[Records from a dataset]
§ §
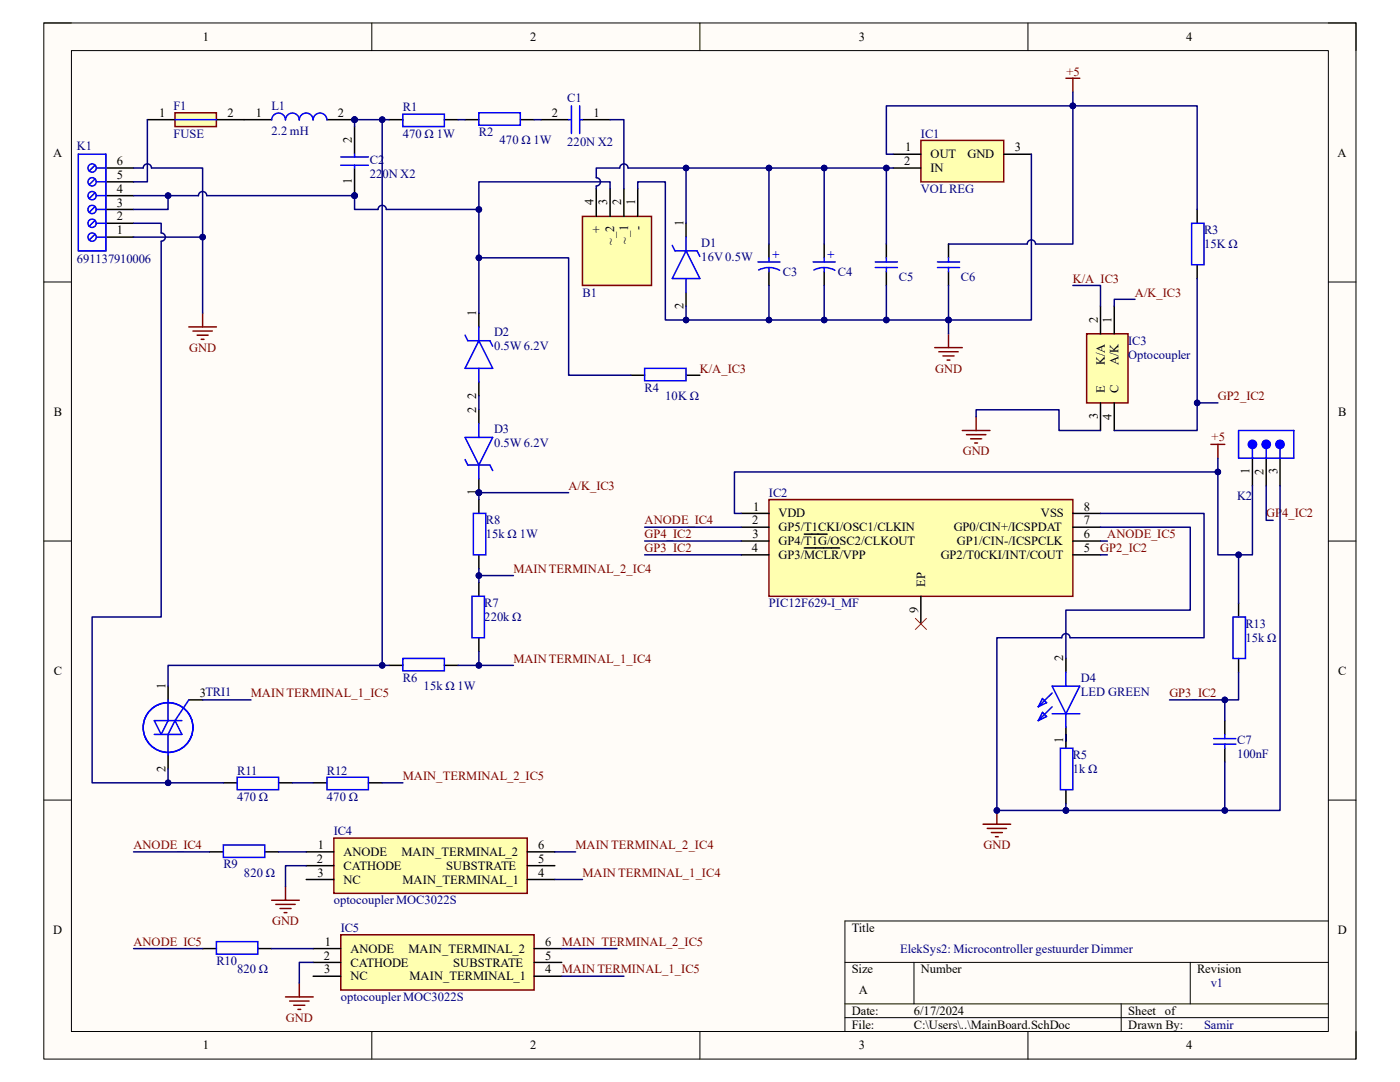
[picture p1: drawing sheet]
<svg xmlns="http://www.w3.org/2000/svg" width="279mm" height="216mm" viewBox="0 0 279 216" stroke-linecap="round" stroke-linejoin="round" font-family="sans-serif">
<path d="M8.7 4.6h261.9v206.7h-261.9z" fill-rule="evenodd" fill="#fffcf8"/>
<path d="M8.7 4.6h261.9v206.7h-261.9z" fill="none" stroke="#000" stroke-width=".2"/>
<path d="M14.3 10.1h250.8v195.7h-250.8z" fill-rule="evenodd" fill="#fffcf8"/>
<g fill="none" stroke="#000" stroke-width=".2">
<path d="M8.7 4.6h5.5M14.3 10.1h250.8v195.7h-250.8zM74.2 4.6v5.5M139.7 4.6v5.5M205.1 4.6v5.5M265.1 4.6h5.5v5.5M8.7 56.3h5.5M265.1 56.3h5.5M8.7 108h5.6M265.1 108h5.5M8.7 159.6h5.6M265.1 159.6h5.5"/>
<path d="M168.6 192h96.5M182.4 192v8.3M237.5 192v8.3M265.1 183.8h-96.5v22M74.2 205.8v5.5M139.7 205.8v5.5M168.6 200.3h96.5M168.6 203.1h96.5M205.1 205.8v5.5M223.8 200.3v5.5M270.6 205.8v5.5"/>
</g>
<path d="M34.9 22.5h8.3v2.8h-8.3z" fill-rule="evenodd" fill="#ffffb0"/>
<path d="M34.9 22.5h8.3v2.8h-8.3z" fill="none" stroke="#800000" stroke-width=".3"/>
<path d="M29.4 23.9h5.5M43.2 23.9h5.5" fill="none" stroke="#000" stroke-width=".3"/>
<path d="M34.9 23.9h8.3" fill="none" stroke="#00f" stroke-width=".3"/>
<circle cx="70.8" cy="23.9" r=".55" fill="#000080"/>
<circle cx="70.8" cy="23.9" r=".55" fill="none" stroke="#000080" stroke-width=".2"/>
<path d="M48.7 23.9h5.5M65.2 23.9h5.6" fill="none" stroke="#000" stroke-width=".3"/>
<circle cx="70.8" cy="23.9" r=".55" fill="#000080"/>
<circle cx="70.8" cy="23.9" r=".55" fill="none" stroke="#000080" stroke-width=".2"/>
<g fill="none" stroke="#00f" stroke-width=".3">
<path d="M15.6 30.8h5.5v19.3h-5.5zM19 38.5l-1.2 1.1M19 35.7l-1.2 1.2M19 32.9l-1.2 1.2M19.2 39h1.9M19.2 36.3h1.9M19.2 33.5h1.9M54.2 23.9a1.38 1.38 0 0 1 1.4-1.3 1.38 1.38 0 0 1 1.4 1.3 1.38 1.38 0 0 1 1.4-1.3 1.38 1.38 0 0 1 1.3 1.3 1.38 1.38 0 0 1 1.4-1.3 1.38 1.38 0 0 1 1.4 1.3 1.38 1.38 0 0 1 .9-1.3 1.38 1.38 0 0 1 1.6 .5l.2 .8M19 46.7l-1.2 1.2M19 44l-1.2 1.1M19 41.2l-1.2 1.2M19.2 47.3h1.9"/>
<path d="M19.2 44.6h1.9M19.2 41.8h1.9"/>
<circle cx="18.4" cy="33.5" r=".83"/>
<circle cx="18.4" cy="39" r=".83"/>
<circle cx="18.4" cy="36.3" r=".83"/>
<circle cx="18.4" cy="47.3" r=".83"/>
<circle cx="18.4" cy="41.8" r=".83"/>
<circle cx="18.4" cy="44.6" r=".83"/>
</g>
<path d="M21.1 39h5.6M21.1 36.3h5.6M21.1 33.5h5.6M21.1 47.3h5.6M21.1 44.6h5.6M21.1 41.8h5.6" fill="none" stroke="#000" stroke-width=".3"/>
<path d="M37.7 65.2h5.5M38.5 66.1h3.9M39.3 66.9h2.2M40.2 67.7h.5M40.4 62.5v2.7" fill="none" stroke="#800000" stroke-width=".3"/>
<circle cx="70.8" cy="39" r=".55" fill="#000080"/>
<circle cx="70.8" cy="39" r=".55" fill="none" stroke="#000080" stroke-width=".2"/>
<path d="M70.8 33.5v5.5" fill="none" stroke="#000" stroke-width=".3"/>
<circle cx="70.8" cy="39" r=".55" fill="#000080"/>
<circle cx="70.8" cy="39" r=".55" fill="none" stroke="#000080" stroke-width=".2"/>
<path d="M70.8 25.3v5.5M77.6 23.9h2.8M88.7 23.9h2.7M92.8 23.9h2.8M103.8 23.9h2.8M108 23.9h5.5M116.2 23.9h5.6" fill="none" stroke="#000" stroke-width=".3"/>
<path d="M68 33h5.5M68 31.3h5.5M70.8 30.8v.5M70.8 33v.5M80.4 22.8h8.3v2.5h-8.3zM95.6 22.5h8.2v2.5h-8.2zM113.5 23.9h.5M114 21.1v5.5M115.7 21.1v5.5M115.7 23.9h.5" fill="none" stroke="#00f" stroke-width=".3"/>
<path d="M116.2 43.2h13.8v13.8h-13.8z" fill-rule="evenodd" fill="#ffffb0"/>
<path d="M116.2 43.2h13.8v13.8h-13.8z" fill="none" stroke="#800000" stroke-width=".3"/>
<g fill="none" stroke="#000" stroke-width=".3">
§ §
Work to be completed
Give the records again exactly, pictures left out.

Solution for this problem
[picture p1: drawing sheet]
<svg xmlns="http://www.w3.org/2000/svg" width="279mm" height="216mm" viewBox="0 0 279 216" stroke-linecap="round" stroke-linejoin="round" font-family="sans-serif">
<path d="M8.7 4.6h261.9v206.7h-261.9z" fill-rule="evenodd" fill="#fffcf8"/>
<path d="M8.7 4.6h261.9v206.7h-261.9z" fill="none" stroke="#000" stroke-width=".2"/>
<path d="M14.3 10.1h250.8v195.7h-250.8z" fill-rule="evenodd" fill="#fffcf8"/>
<g fill="none" stroke="#000" stroke-width=".2">
<path d="M8.7 4.6h5.5M14.3 10.1h250.8v195.7h-250.8zM74.2 4.6v5.5M139.7 4.6v5.5M205.1 4.6v5.5M265.1 4.6h5.5v5.5M8.7 56.3h5.5M265.1 56.3h5.5M8.7 108h5.6M265.1 108h5.5M8.7 159.6h5.6M265.1 159.6h5.5"/>
<path d="M168.6 192h96.5M182.4 192v8.3M237.5 192v8.3M265.1 183.8h-96.5v22M74.2 205.8v5.5M139.7 205.8v5.5M168.6 200.3h96.5M168.6 203.1h96.5M205.1 205.8v5.5M223.8 200.3v5.5M270.6 205.8v5.5"/>
</g>
<path d="M34.9 22.5h8.3v2.8h-8.3z" fill-rule="evenodd" fill="#ffffb0"/>
<path d="M34.9 22.5h8.3v2.8h-8.3z" fill="none" stroke="#800000" stroke-width=".3"/>
<path d="M29.4 23.9h5.5M43.2 23.9h5.5" fill="none" stroke="#000" stroke-width=".3"/>
<path d="M34.9 23.9h8.3" fill="none" stroke="#00f" stroke-width=".3"/>
<circle cx="70.8" cy="23.9" r=".55" fill="#000080"/>
<circle cx="70.8" cy="23.9" r=".55" fill="none" stroke="#000080" stroke-width=".2"/>
<path d="M48.7 23.9h5.5M65.2 23.9h5.6" fill="none" stroke="#000" stroke-width=".3"/>
<circle cx="70.8" cy="23.9" r=".55" fill="#000080"/>
<circle cx="70.8" cy="23.9" r=".55" fill="none" stroke="#000080" stroke-width=".2"/>
<g fill="none" stroke="#00f" stroke-width=".3">
<path d="M15.6 30.8h5.5v19.3h-5.5zM19 38.5l-1.2 1.1M19 35.7l-1.2 1.2M19 32.9l-1.2 1.2M19.2 39h1.9M19.2 36.3h1.9M19.2 33.5h1.9M54.2 23.9a1.38 1.38 0 0 1 1.4-1.3 1.38 1.38 0 0 1 1.4 1.3 1.38 1.38 0 0 1 1.4-1.3 1.38 1.38 0 0 1 1.3 1.3 1.38 1.38 0 0 1 1.4-1.3 1.38 1.38 0 0 1 1.4 1.3 1.38 1.38 0 0 1 .9-1.3 1.38 1.38 0 0 1 1.6 .5l.2 .8M19 46.7l-1.2 1.2M19 44l-1.2 1.1M19 41.2l-1.2 1.2M19.2 47.3h1.9"/>
<path d="M19.2 44.6h1.9M19.2 41.8h1.9"/>
<circle cx="18.4" cy="33.5" r=".83"/>
<circle cx="18.4" cy="39" r=".83"/>
<circle cx="18.4" cy="36.3" r=".83"/>
<circle cx="18.4" cy="47.3" r=".83"/>
<circle cx="18.4" cy="41.8" r=".83"/>
<circle cx="18.4" cy="44.6" r=".83"/>
</g>
<path d="M21.1 39h5.6M21.1 36.3h5.6M21.1 33.5h5.6M21.1 47.3h5.6M21.1 44.6h5.6M21.1 41.8h5.6" fill="none" stroke="#000" stroke-width=".3"/>
<path d="M37.7 65.2h5.5M38.5 66.1h3.9M39.3 66.9h2.2M40.2 67.7h.5M40.4 62.5v2.7" fill="none" stroke="#800000" stroke-width=".3"/>
<circle cx="70.8" cy="39" r=".55" fill="#000080"/>
<circle cx="70.8" cy="39" r=".55" fill="none" stroke="#000080" stroke-width=".2"/>
<path d="M70.8 33.5v5.5" fill="none" stroke="#000" stroke-width=".3"/>
<circle cx="70.8" cy="39" r=".55" fill="#000080"/>
<circle cx="70.8" cy="39" r=".55" fill="none" stroke="#000080" stroke-width=".2"/>
<path d="M70.8 25.3v5.5M77.6 23.9h2.8M88.7 23.9h2.7M92.8 23.9h2.8M103.8 23.9h2.8M108 23.9h5.5M116.2 23.9h5.6" fill="none" stroke="#000" stroke-width=".3"/>
<path d="M68 33h5.5M68 31.3h5.5M70.8 30.8v.5M70.8 33v.5M80.4 22.8h8.3v2.5h-8.3zM95.6 22.5h8.2v2.5h-8.2zM113.5 23.9h.5M114 21.1v5.5M115.7 21.1v5.5M115.7 23.9h.5" fill="none" stroke="#00f" stroke-width=".3"/>
<path d="M116.2 43.2h13.8v13.8h-13.8z" fill-rule="evenodd" fill="#ffffb0"/>
<path d="M116.2 43.2h13.8v13.8h-13.8z" fill="none" stroke="#800000" stroke-width=".3"/>
<g fill="none" stroke="#000" stroke-width=".3">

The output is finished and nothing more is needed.